Martin H Leamon, David R. Gibson, Robert D. Canning, Lloyd Benjamin

Research output: Contribution to journalArticle

18 Scopus citations

Abstract

Objectives: Among the illicit stimulants, cocaine and amphetamines are the most widely abused. Although these drugs have similar psychoactive properties and routes of administration, their duration of action and mechanism of action are different, as are the psychiatric problems that accompany their use. The authors explored whether these differences and results of urine drug testing were associated with differences in use of psychiatric inpatient services. Methods: The records of 2,357 patients admitted to a large county psychiatric emergency service were examined to determine whether patients admitted for amphetamine-related or cocaine-related disorders differed in rates of transfer to an inpatient psychiatric ward or in length of stay on the ward after transfer. The authors also examined whether positive or negative results of urine drug screens predicted transfer or length of stay. Results: Patients with amphetamine-related disorders were more than a third more likely than patients with cocaine-related disorders to be transferred to the inpatient ward. Patients with negative urine screens were a third more likely than those with positive screens to be transferred and stayed slightly longer on the ward after transfer. Patients with cocaine-related disorders stayed slightly longer on the ward than patients with amphetamine-related disorders. Conclusions: Patients with amphetamine-related disorders have higher rates of psychiatric hospitalization than patients with cocaine-related disorders.
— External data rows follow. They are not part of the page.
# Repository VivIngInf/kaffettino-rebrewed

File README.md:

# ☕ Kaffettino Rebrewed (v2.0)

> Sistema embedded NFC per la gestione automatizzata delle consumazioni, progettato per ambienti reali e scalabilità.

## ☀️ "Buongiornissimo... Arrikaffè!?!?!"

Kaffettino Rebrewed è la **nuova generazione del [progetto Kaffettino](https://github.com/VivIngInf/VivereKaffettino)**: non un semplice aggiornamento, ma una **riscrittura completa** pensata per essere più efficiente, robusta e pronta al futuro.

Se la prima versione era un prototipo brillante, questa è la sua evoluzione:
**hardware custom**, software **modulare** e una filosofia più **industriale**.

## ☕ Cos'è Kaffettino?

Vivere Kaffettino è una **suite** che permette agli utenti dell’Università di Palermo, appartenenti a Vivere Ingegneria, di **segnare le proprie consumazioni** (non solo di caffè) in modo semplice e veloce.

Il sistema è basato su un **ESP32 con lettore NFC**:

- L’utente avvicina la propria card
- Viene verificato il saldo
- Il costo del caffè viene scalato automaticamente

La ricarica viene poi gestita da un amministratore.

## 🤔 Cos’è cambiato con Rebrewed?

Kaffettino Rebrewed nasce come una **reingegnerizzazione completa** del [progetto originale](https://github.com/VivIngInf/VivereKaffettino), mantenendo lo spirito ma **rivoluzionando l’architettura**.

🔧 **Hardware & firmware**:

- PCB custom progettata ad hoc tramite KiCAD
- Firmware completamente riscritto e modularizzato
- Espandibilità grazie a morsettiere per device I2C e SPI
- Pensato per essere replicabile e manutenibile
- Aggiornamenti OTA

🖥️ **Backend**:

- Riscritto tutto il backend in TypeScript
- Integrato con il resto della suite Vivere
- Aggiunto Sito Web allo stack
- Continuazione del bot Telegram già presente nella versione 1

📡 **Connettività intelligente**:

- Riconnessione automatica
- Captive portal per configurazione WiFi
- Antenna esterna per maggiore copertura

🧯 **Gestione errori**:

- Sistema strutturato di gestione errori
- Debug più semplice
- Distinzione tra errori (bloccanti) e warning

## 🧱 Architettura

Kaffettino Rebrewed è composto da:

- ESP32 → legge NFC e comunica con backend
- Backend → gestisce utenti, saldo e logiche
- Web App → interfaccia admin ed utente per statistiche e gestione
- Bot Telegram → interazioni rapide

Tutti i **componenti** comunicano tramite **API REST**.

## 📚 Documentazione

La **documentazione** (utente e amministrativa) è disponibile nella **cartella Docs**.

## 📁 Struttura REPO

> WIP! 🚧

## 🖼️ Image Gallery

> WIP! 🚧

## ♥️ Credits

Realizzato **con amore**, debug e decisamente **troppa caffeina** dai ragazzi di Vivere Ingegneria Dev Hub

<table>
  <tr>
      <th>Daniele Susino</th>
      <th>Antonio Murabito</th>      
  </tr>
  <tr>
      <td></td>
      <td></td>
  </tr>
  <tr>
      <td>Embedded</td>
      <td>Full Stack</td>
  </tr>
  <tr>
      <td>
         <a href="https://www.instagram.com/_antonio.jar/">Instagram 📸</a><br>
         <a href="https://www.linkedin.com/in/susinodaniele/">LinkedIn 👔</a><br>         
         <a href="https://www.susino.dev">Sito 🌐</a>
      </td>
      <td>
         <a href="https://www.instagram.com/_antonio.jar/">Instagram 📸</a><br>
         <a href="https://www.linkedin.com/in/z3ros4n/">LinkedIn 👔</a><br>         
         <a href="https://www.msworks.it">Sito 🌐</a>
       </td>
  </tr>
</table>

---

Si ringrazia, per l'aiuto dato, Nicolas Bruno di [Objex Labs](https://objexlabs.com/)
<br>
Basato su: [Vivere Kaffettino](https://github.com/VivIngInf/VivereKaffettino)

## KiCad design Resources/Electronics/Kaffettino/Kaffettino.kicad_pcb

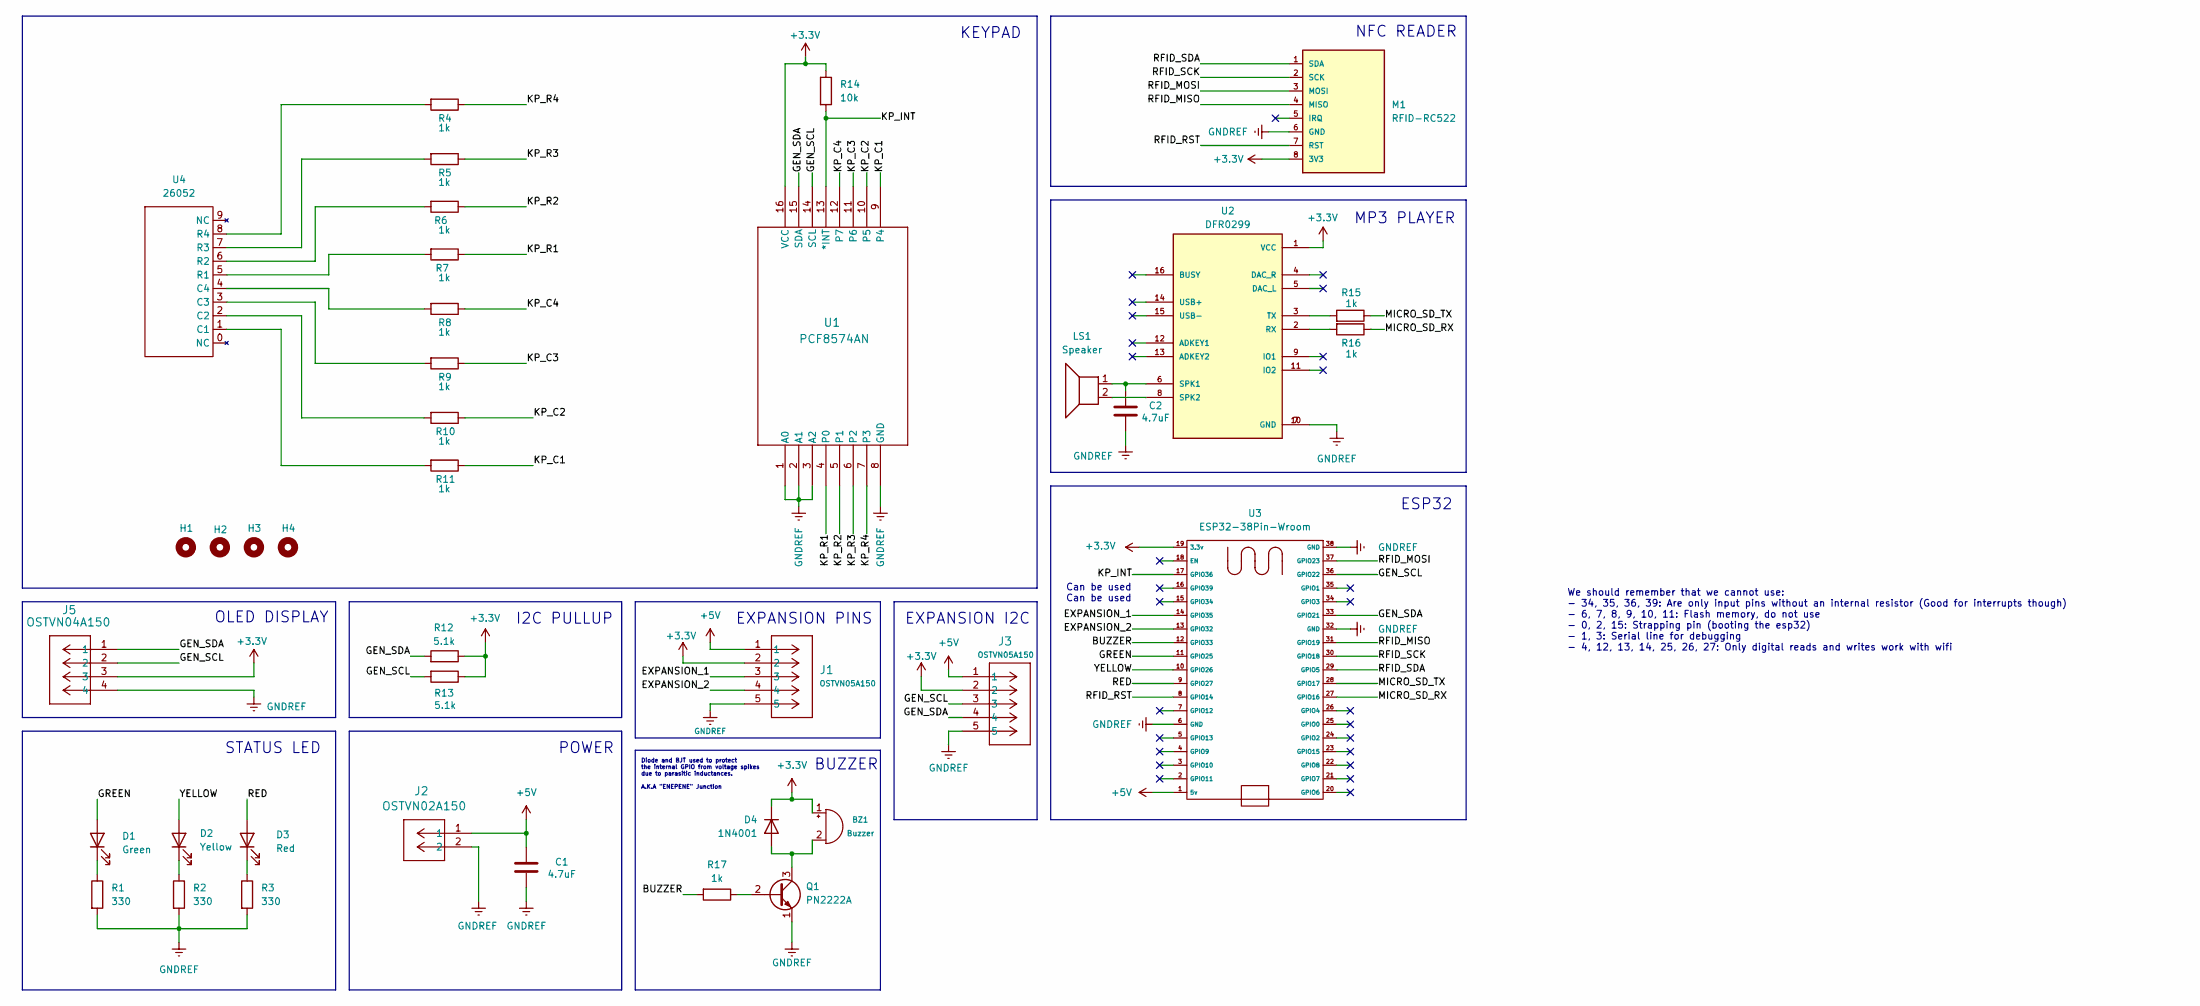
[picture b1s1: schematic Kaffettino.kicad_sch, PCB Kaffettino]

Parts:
BZ1: Buzzer; Buzzer_12x9.5RM7.6
C1, C2: 4.7uF; CP_Radial_D6.3mm_P2.50mm
D1: Green; LED_D5.0mm
D2: Yellow; LED_D5.0mm
D3: Red; LED_D5.0mm
D4: 1N4001; D_DO-41_SOD81_P10.16mm_Horizontal
H1, H2, H3, H4: MountingHole; MountingHole_3.2mm_M3
J1, J3: OSTVN05A150; CONN5_516x256_OST
J2: OSTVN02A150; CONN_OSTVN02A150_OST
J5: OSTVN04A150; CONN_OSTVN04A150_OST
LS1: Speaker; CONN_OSTVN02A150_OST
M1: RFID-RC522; MPN RFID-RC522
Q1: PN2222A; TO-92_Inline
R1, R2, R3: 330; R_Axial_DIN0207_L6.3mm_D2.5mm_P10.16mm_Horizontal
R4, R5, R6, R7, R8, R9, R10, R11, R15, R16, R17: 1k; R_Axial_DIN0207_L6.3mm_D2.5mm_P10.16mm_Horizontal
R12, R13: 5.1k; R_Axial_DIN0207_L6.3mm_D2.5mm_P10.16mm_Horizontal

Diagnostic uncertainty and other factors may also influence transfer rates and subsequent length of stay.

Original languageEnglish (US)
Pages (from-to)1461-1466
Number of pages6
JournalPsychiatric Services
Volume53
Issue number11
DOIs
StatePublished - Nov 1 2002

ASJC Scopus subject areas

  • Psychiatry and Mental health
  • Public Health, Environmental and Occupational Health
  • Health(social science)
  • Health Professions(all)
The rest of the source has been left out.